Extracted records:
<<<<

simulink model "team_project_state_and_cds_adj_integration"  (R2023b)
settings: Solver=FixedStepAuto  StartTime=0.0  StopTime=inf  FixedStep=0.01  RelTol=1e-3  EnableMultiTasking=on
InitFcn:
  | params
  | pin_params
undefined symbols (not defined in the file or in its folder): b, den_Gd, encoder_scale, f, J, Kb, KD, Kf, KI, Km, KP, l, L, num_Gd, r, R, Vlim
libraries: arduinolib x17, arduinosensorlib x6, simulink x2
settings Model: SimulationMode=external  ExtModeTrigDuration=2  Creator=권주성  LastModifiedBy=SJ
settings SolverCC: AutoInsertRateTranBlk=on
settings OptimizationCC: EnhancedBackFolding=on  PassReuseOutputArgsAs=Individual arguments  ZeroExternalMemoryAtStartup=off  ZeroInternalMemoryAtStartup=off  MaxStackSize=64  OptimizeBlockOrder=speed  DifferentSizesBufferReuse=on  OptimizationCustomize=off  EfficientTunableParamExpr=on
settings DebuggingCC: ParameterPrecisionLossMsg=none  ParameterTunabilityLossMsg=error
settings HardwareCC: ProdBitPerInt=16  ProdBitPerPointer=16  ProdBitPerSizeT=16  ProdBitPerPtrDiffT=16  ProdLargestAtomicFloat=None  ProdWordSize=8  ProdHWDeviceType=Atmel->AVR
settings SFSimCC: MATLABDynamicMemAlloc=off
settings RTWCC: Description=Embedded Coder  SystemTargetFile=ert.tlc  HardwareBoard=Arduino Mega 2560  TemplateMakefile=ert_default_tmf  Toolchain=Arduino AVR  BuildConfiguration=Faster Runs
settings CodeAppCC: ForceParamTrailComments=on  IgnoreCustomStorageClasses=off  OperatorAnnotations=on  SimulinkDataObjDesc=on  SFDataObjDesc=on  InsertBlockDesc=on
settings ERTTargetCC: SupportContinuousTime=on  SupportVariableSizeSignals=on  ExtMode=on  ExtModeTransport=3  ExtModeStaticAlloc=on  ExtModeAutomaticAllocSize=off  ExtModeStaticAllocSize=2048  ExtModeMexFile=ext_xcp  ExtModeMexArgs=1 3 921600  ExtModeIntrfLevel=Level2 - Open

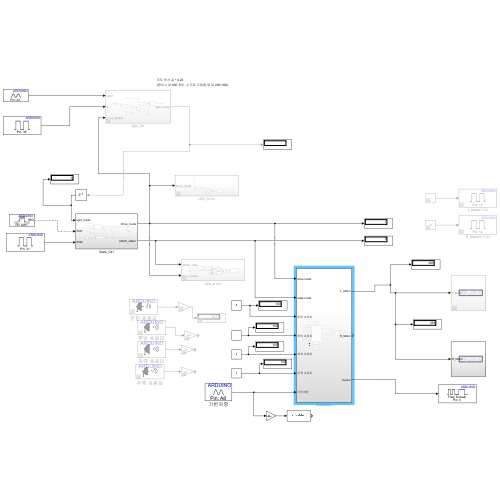
[thumbnail: Simulink's stored preview of the top-level diagram]
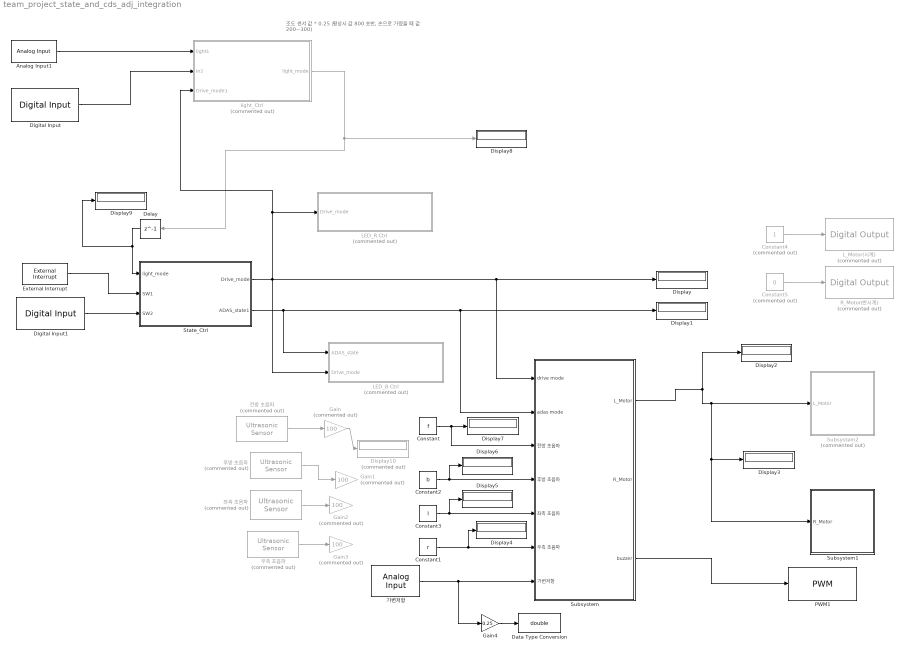
== system team_project_state_and_cds_adj_integration ==
  note: 조도 센서 값 * 0.25
      | (평상시 값 800 초반, 손으로 가렸을 때 값 200~300)
  Analog Input1 : arduinolib/Analog Input  pinNumber=BS  ReadResultsOnly=off  ConversionTriggerSource=Software  ExternalTriggerType=uint32( 0 )  OutputDataType=uint16  EnableConversionCompleteNotify=off  EnableOuputStatus=off  SampleTime=-1  blockPlatform=arduino
  Constant : Constant  Value=f
  Constant1 : Constant  Value=r
  Constant2 : Constant  Value=b
  Constant3 : Constant  Value=l
  Constant4 : Constant  Commented=on
  Constant5 : Constant  Commented=on  Value=0
  Data Type Conversion : DataTypeConversion  OutDataTypeStr=double  SaturateOnIntegerOverflow=off  RndMeth=Floor
  Delay : Delay  DelayLength=1
  Digital Input : arduinolib/Digital Input  pinNumber=SW3  mode=Default  Direction=input  SampleTime=0.1  blockPlatform=arduino
  Digital Input1 : arduinolib/Digital Input  pinNumber=SW2  mode=Default  Direction=input  SampleTime=0.1  blockPlatform=arduino
  Display{,1..9} (10 alike) : Display
  Display10 : Display  Commented=on
  External Interrupt : arduinolib/External Interrupt  Pin=SW1  PullUp=off  Mode=RISING  InterruptSimulationInput=off
  Gain{,1..3} (4 alike) : Gain  Commented=on  Gain=100
  Gain4 : Gain  Gain=0.25
  LED_B Ctrl : Subsystem  Commented=on
  LED_R Ctrl : Subsystem  Commented=on
  L_Motor(시계) : arduinolib/Digital Output  Commented=on  pinNumber=Motor_L_Direction  Direction=output  blockPlatform=arduino
  PWM1 : arduinolib/PWM  pinNumber=Buzzer  frequencyType=Default  desiredFrequency=490.2  achievableFrequency=490.2
  R_Motor(반시계) : arduinolib/Digital Output  Commented=on  pinNumber=Motor_R_Direction  Direction=output  blockPlatform=arduino
  State_Ctrl : Subsystem
  Subsystem : Subsystem
  Subsystem1 : Subsystem
  Subsystem2 : Subsystem  Commented=on
  light_Ctrl : Subsystem  Commented=on
  가변저항 : arduinolib/Analog Input  pinNumber=VR  ReadResultsOnly=off  ConversionTriggerSource=Software  ExternalTriggerType=uint32( 0 )  OutputDataType=uint16  EnableConversionCompleteNotify=off  EnableOuputStatus=off  SampleTime=-1  blockPlatform=arduino
  우측 초음파 : arduinosensorlib/Ultrasonic Sensor  Commented=on  NumSignalPins=2  TrigPin=R_Triger  EchoPin=R_Echo  SignalPin=3  SampleTime_=0.1  blockPlatform=ARDUINO
  전방 초음파 : arduinosensorlib/Ultrasonic Sensor  Commented=on  NumSignalPins=2  TrigPin=F_Triger  EchoPin=F_Echo  SignalPin=3  SampleTime_=0.1  blockPlatform=ARDUINO
  좌측 초음파 : arduinosensorlib/Ultrasonic Sensor  Commented=on  NumSignalPins=2  TrigPin=L_Triger  EchoPin=L_Echo  SignalPin=3  SampleTime_=0.1  blockPlatform=ARDUINO
  후방 초음파 : arduinosensorlib/Ultrasonic Sensor  Commented=on  NumSignalPins=2  TrigPin=B_Triger  EchoPin=B_Echo  SignalPin=3  SampleTime_=0.1  blockPlatform=ARDUINO
  wires:
  light_Ctrl/1(light_mode) -> Display8/1, Delay/1
  Analog Input1/1 -> light_Ctrl/1(light1)
  Delay/1 -> Display9/1, State_Ctrl/1(light_mode)
  State_Ctrl/2(ADAS_state1) -> LED_B Ctrl/1(ADAS_state), Subsystem/2(adas mode), Display1/1
  External Interrupt/1 -> State_Ctrl/2(SW1)
  State_Ctrl/1(Drive_mode) -> Subsystem/1(drive mode), Display/1, light_Ctrl/3(Drive_mode1), LED_R Ctrl/1(Drive_mode), LED_B Ctrl/2(Drive_mode)
  가변저항/1 -> Gain4/1, Subsystem/7(가변저항)
  Subsystem/3(buzzer) -> PWM1/1
  Constant3/1 -> Display5/1, Subsystem/5(좌측 초음파)
  Constant2/1 -> Display6/1, Subsystem/4(후방 초음파)
  좌측 초음파/1 -> Gain2/1
  전방 초음파/1 -> Gain/1
  Constant/1 -> Subsystem/3(전방 초음파), Display7/1
  우측 초음파/1 -> Gain3/1
  Constant1/1 -> Display4/1, Subsystem/6(우측 초음파)
  Subsystem/1(L_Motor) -> Display3/1, Subsystem1/1(R_Motor), Subsystem2/1(L_Motor), Display2/1
  후방 초음파/1 -> Gain1/1
  Digital Input1/1 -> State_Ctrl/3(SW2)
  Digital Input/1 -> light_Ctrl/2(In2)
  Constant4/1 -> L_Motor(시계)/1
  Constant5/1 -> R_Motor(반시계)/1
  Gain/1 -> Display10/1
  Gain4/1 -> Data Type Conversion/1

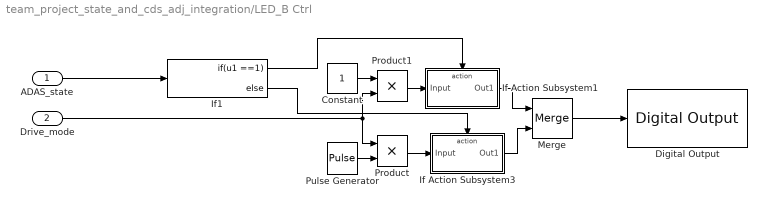
== system team_project_state_and_cds_adj_integration/LED_B Ctrl ==
  ADAS_state : Inport
  Drive_mode : Inport  Port=2
  Constant : Constant
  Digital Output : arduinolib/Digital Output  pinNumber=LED1_B  Direction=output  blockPlatform=arduino
  If Action Subsystem1 : Subsystem  TreatAsAtomicUnit=on
  If Action Subsystem3 : Subsystem  TreatAsAtomicUnit=on
  If1 : If  IfExpression=u1 ==1
  Merge : Merge
  Product : Product
  Product1 : Product
  Pulse Generator : DiscretePulseGenerator  PulseType=Time based  PulseWidth=50
  wires:
  If1/2 -> If Action Subsystem3/Action
  If Action Subsystem1/1(Out1) -> Merge/1
  ADAS_state/1 -> If1/1
  If1/1 -> If Action Subsystem1/Action
  Merge/1 -> Digital Output/1
  If Action Subsystem3/1(Out1) -> Merge/2
  Drive_mode/1 -> Product/1, Product1/2
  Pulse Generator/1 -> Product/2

>>>>

THE TASK:
Each line of the records, from the opening one through the line holding "settings SFSimCC: MATLABDynamicMemAlloc=off", should be restated word for word, with nothing else in the answer.

RESPONSE TO THIS TASK:
simulink model "team_project_state_and_cds_adj_integration"  (R2023b)
settings: Solver=FixedStepAuto  StartTime=0.0  StopTime=inf  FixedStep=0.01  RelTol=1e-3  EnableMultiTasking=on
InitFcn:
  | params
  | pin_params
undefined symbols (not defined in the file or in its folder): b, den_Gd, encoder_scale, f, J, Kb, KD, Kf, KI, Km, KP, l, L, num_Gd, r, R, Vlim
libraries: arduinolib x17, arduinosensorlib x6, simulink x2
settings Model: SimulationMode=external  ExtModeTrigDuration=2  Creator=권주성  LastModifiedBy=SJ
settings SolverCC: AutoInsertRateTranBlk=on
settings OptimizationCC: EnhancedBackFolding=on  PassReuseOutputArgsAs=Individual arguments  ZeroExternalMemoryAtStartup=off  ZeroInternalMemoryAtStartup=off  MaxStackSize=64  OptimizeBlockOrder=speed  DifferentSizesBufferReuse=on  OptimizationCustomize=off  EfficientTunableParamExpr=on
settings DebuggingCC: ParameterPrecisionLossMsg=none  ParameterTunabilityLossMsg=error
settings HardwareCC: ProdBitPerInt=16  ProdBitPerPointer=16  ProdBitPerSizeT=16  ProdBitPerPtrDiffT=16  ProdLargestAtomicFloat=None  ProdWordSize=8  ProdHWDeviceType=Atmel->AVR
settings SFSimCC: MATLABDynamicMemAlloc=off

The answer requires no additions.